Racial composition as of the 2020 census
| Race | Number | Percent |
|---|---|---|
| White | 67 | 75.3% |
| Black or African American | 0 | 0.0% |
| American Indian and Alaska Native | 8 | 9.0% |
| Asian | 0 | 0.0% |
| Native Hawaiian and Other Pacific Islander | 0 | 0.0% |
| Some other race | 4 | 4.5% |
| Two or more races | 10 | 11.2% |
| Hispanic or Latino (of any race) | 13 | 14.6% |

===2000 census===
As of the census of 2000, there were 96 people, 32 households, and 27 families residing in the CDP. The population density was 14.6 people per square mile (5.6/km^{2}). There were 34 housing units at an average density of 5.2/sq mi (2.0/km^{2}). The racial makeup of the CDP was 81.25% White, 7.29% Native American, 3.12% from other races, and 8.33% from two or more races. Hispanic or Latino of any race were 11.46% of the population.

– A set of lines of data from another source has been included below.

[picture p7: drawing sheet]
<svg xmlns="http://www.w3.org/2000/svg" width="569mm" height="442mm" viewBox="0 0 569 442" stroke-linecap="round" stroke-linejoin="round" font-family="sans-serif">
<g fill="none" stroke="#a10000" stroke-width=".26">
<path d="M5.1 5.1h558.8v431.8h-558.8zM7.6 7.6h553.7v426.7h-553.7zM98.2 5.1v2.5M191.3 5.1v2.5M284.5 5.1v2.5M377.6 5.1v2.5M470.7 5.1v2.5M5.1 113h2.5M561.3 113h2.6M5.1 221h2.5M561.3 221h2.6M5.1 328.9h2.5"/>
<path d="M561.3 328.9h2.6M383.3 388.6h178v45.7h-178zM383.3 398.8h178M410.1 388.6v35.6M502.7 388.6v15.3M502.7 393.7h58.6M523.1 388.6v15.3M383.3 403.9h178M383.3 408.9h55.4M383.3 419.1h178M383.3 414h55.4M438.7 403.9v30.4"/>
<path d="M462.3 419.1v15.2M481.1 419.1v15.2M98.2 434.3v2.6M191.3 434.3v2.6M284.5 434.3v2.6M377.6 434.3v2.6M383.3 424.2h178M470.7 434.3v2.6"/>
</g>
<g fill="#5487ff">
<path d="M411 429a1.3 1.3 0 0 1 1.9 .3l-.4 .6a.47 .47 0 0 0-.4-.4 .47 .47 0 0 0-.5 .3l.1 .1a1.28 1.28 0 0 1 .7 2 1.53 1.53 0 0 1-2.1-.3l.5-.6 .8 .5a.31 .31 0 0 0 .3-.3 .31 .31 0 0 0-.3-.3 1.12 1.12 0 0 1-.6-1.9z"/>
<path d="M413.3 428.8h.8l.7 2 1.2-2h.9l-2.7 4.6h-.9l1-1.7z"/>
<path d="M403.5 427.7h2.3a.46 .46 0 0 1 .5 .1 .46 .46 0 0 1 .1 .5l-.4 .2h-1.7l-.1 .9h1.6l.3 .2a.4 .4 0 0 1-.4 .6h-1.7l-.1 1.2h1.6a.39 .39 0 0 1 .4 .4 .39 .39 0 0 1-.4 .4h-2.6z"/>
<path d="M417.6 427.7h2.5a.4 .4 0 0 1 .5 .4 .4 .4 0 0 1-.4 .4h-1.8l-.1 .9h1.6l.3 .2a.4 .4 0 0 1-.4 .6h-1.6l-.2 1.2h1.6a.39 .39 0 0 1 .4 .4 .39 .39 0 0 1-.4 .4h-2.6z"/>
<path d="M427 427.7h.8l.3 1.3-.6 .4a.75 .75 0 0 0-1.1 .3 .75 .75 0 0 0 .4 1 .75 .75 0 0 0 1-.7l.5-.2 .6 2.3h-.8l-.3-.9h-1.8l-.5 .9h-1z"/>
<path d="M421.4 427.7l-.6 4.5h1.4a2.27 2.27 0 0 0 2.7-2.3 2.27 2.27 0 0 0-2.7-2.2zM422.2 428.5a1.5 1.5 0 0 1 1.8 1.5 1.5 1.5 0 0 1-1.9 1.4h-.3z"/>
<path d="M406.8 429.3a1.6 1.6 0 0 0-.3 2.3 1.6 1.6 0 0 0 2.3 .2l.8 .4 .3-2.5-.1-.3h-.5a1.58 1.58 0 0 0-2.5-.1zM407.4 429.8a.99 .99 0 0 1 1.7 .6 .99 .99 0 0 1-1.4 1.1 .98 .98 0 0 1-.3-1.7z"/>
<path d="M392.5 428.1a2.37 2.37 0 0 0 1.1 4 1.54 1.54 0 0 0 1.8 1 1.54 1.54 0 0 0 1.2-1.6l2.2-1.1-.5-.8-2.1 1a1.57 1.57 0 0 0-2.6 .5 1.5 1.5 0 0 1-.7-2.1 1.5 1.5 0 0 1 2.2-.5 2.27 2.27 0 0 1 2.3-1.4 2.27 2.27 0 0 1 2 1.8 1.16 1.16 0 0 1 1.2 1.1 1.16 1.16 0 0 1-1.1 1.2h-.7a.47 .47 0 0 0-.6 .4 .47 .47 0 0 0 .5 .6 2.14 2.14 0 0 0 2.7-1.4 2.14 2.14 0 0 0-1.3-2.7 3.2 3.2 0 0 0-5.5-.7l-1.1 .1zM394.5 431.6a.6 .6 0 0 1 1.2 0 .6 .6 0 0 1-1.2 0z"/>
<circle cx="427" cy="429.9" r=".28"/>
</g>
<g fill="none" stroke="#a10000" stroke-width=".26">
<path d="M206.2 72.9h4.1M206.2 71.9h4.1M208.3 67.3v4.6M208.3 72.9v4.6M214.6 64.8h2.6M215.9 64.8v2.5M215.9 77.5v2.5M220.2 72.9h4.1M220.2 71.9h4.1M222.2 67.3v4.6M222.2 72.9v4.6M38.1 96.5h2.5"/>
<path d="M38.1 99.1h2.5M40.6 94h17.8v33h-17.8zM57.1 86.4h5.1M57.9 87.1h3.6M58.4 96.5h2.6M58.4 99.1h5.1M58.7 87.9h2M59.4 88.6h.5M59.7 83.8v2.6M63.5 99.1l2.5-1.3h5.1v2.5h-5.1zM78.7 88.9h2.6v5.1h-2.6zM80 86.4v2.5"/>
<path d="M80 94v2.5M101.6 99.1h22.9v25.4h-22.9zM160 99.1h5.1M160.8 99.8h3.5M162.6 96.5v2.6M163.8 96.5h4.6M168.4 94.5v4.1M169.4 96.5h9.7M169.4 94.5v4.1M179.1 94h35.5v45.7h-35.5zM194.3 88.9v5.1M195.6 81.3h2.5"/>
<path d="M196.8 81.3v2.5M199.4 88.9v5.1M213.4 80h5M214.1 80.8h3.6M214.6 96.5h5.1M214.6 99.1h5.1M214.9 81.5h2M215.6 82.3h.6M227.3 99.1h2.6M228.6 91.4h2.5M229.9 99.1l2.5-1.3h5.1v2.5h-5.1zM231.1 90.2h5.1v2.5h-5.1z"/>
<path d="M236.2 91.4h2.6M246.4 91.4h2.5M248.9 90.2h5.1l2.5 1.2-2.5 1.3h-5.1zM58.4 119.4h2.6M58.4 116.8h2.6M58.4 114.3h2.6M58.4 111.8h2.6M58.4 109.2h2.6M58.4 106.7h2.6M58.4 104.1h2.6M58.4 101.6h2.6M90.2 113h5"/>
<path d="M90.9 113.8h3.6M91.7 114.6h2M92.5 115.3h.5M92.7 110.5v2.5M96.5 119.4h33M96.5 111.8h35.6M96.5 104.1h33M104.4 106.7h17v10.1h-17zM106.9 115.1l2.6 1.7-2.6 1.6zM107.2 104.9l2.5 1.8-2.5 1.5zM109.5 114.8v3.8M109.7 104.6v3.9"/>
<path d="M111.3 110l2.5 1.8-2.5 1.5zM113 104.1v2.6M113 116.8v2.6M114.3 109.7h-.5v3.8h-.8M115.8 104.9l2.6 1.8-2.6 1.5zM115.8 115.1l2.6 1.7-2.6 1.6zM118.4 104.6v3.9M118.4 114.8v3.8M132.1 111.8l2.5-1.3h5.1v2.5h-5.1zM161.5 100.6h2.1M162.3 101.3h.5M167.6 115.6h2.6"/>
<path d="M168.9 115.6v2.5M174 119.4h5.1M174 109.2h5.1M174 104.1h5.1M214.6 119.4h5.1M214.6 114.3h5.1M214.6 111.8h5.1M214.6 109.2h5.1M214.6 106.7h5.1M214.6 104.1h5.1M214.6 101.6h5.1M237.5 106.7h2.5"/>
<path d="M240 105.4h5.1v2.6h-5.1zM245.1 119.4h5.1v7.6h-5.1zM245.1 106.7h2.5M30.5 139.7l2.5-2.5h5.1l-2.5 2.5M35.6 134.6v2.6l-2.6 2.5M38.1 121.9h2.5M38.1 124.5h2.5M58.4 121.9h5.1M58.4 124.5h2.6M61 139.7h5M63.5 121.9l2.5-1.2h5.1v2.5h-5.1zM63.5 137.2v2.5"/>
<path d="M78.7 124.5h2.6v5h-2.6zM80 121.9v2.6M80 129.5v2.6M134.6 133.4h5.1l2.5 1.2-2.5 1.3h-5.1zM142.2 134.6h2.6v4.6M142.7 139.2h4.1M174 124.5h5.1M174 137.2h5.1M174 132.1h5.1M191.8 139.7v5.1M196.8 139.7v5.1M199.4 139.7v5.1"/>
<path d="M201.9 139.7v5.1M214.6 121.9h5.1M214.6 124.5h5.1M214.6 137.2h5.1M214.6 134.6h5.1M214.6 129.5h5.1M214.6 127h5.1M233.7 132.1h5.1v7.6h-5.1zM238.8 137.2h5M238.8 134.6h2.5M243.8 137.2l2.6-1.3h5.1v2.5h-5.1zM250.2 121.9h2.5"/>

There were 32 households, out of which 40.6% had children under the age of 18 living with them, 65.6% were married couples living together, 9.4% had a female householder with no husband present, and 15.6% were non-families. 9.4% of all households were made up of individuals, and 6.3% had someone living alone who was 65 years of age or older. The average household size was 3.00 and the average family size was 3.15.

In the CDP, the population was spread out, with 29.2% under the age of 18, 9.4% from 18 to 24, 28.1% from 25 to 44, 28.1% from 45 to 64, and 5.2% who were 65 years of age or older. The median age was 32 years. For every 100 females, there were 146.2 males. For every 100 females age 18 and over, there were 119.4 males.

The median income for a household in the CDP was $41,500, and the median income for a family was $43,750. Males had a median income of $16,250 versus $38,750 for females. The per capita income for the CDP was $17,652. None of the population and none of the families were below the poverty line.
==Education==
It is in the Grove Public Schools school district.